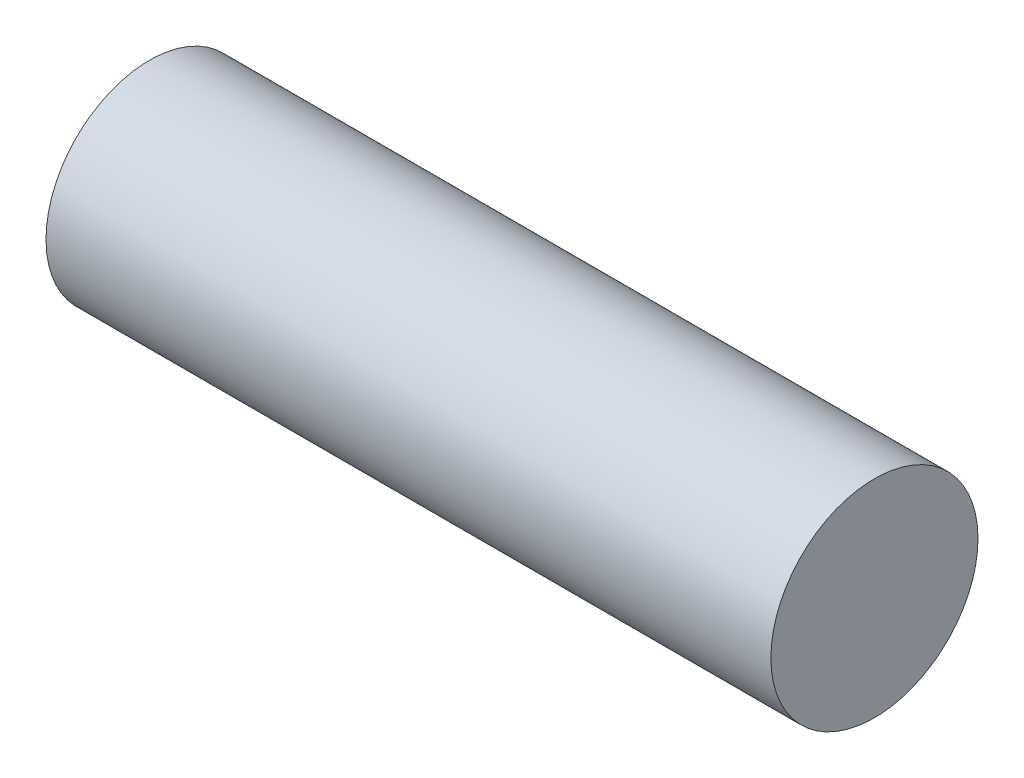
ISO-10303-21;
HEADER;
FILE_DESCRIPTION(('STEP AP214'),'2;1');
FILE_NAME('part.step','',(''),(''),'','','');
FILE_SCHEMA(('AUTOMOTIVE_DESIGN { 1 0 10303 214 1 1 1 1 }'));
ENDSEC;
DATA;
#1=APPLICATION_CONTEXT('core data for automotive mechanical design processes');
#2=APPLICATION_PROTOCOL_DEFINITION('international standard','automotive_design',2000,#1);
#3=PRODUCT_CONTEXT('',#1,'mechanical');
#4=PRODUCT('Part','Part','',(#3));
#5=PRODUCT_RELATED_PRODUCT_CATEGORY('part','',(#4));
#6=PRODUCT_DEFINITION_FORMATION('','',#4);
#7=PRODUCT_DEFINITION_CONTEXT('part definition',#1,'design');
#8=PRODUCT_DEFINITION('design','',#6,#7);
#9=PRODUCT_DEFINITION_SHAPE('','',#8);
#10=(LENGTH_UNIT() NAMED_UNIT(*) SI_UNIT(.MILLI.,.METRE.));
#11=(NAMED_UNIT(*) PLANE_ANGLE_UNIT() SI_UNIT($,.RADIAN.));
#12=(NAMED_UNIT(*) SI_UNIT($,.STERADIAN.) SOLID_ANGLE_UNIT());
#13=UNCERTAINTY_MEASURE_WITH_UNIT(LENGTH_MEASURE(1.E-05),#10,'distance_accuracy_value','');
#14=(GEOMETRIC_REPRESENTATION_CONTEXT(3) GLOBAL_UNCERTAINTY_ASSIGNED_CONTEXT((#13)) GLOBAL_UNIT_ASSIGNED_CONTEXT((#10,
#11,#12)) REPRESENTATION_CONTEXT('',''));
#15=CARTESIAN_POINT('',(0.,0.,0.));
#16=DIRECTION('',(0.,0.,1.));
#17=DIRECTION('',(1.,0.,0.));
#18=AXIS2_PLACEMENT_3D('',#15,#16,#17);
#19=CARTESIAN_POINT('',(14.,0.,0.));
#20=DIRECTION('',(-1.,0.,0.));
#21=DIRECTION('',(0.,0.,1.));
#22=AXIS2_PLACEMENT_3D('',#19,#20,#21);
#23=CYLINDRICAL_SURFACE('',#22,2.);
#24=CARTESIAN_POINT('',(14.,0.,0.));
#25=DIRECTION('',(1.,0.,0.));
#26=DIRECTION('',(0.,0.,-1.));
#27=AXIS2_PLACEMENT_3D('',#24,#25,#26);
#28=CIRCLE('',#27,2.);
#29=CARTESIAN_POINT('',(14.,0.,-2.));
#30=VERTEX_POINT('',#29);
#31=EDGE_CURVE('E10',#30,#30,#28,.T.);
#32=ORIENTED_EDGE('',*,*,#31,.F.);
#33=EDGE_LOOP('',(#32));
#34=FACE_BOUND('',#33,.T.);
#35=CARTESIAN_POINT('',(0.,0.,0.));
#36=DIRECTION('',(1.,0.,0.));
#37=DIRECTION('',(0.,0.,-1.));
#38=AXIS2_PLACEMENT_3D('',#35,#36,#37);
#39=CIRCLE('',#38,2.);
#40=CARTESIAN_POINT('',(0.,0.,-2.));
#41=VERTEX_POINT('',#40);
#42=EDGE_CURVE('E44',#41,#41,#39,.T.);
#43=ORIENTED_EDGE('',*,*,#42,.T.);
#44=EDGE_LOOP('',(#43));
#45=FACE_BOUND('',#44,.T.);
#46=ADVANCED_FACE('F41',(#34,#45),#23,.T.);
#47=CARTESIAN_POINT('',(14.,0.,0.));
#48=DIRECTION('',(1.,0.,0.));
#49=DIRECTION('',(0.,0.,-1.));
#50=AXIS2_PLACEMENT_3D('',#47,#48,#49);
#51=PLANE('',#50);
#52=ORIENTED_EDGE('',*,*,#31,.T.);
#53=EDGE_LOOP('',(#52));
#54=FACE_BOUND('',#53,.T.);
#55=ADVANCED_FACE('F58',(#54),#51,.T.);
#56=CARTESIAN_POINT('',(0.,0.,0.));
#57=DIRECTION('',(1.,0.,0.));
#58=DIRECTION('',(0.,0.,-1.));
#59=AXIS2_PLACEMENT_3D('',#56,#57,#58);
#60=PLANE('',#59);
#61=ORIENTED_EDGE('',*,*,#42,.F.);
#62=EDGE_LOOP('',(#61));
#63=FACE_BOUND('',#62,.T.);
#64=ADVANCED_FACE('F56',(#63),#60,.F.);
#65=CLOSED_SHELL('',(#46,#55,#64));
#66=MANIFOLD_SOLID_BREP('B2',#65);
#67=ADVANCED_BREP_SHAPE_REPRESENTATION('',(#18,#66),#14);
#68=SHAPE_DEFINITION_REPRESENTATION(#9,#67);
ENDSEC;
END-ISO-10303-21;
☆ ☆ ☆ ☆ ☆
> [YOUR OBJECTIVE]:
From the entries above, print the lines beginning at the one with "#16=DIRECTION('',(0.,0.,1.));" and stopping after the one with "#44=EDGE_LOOP('',(#43));", exactly as written and with nothing else.

> [EXERCISE OUTPUT]:
#16=DIRECTION('',(0.,0.,1.));
#17=DIRECTION('',(1.,0.,0.));
#18=AXIS2_PLACEMENT_3D('',#15,#16,#17);
#19=CARTESIAN_POINT('',(14.,0.,0.));
#20=DIRECTION('',(-1.,0.,0.));
#21=DIRECTION('',(0.,0.,1.));
#22=AXIS2_PLACEMENT_3D('',#19,#20,#21);
#23=CYLINDRICAL_SURFACE('',#22,2.);
#24=CARTESIAN_POINT('',(14.,0.,0.));
#25=DIRECTION('',(1.,0.,0.));
#26=DIRECTION('',(0.,0.,-1.));
#27=AXIS2_PLACEMENT_3D('',#24,#25,#26);
#28=CIRCLE('',#27,2.);
#29=CARTESIAN_POINT('',(14.,0.,-2.));
#30=VERTEX_POINT('',#29);
#31=EDGE_CURVE('E10',#30,#30,#28,.T.);
#32=ORIENTED_EDGE('',*,*,#31,.F.);
#33=EDGE_LOOP('',(#32));
#34=FACE_BOUND('',#33,.T.);
#35=CARTESIAN_POINT('',(0.,0.,0.));
#36=DIRECTION('',(1.,0.,0.));
#37=DIRECTION('',(0.,0.,-1.));
#38=AXIS2_PLACEMENT_3D('',#35,#36,#37);
#39=CIRCLE('',#38,2.);
#40=CARTESIAN_POINT('',(0.,0.,-2.));
#41=VERTEX_POINT('',#40);
#42=EDGE_CURVE('E44',#41,#41,#39,.T.);
#43=ORIENTED_EDGE('',*,*,#42,.T.);
#44=EDGE_LOOP('',(#43));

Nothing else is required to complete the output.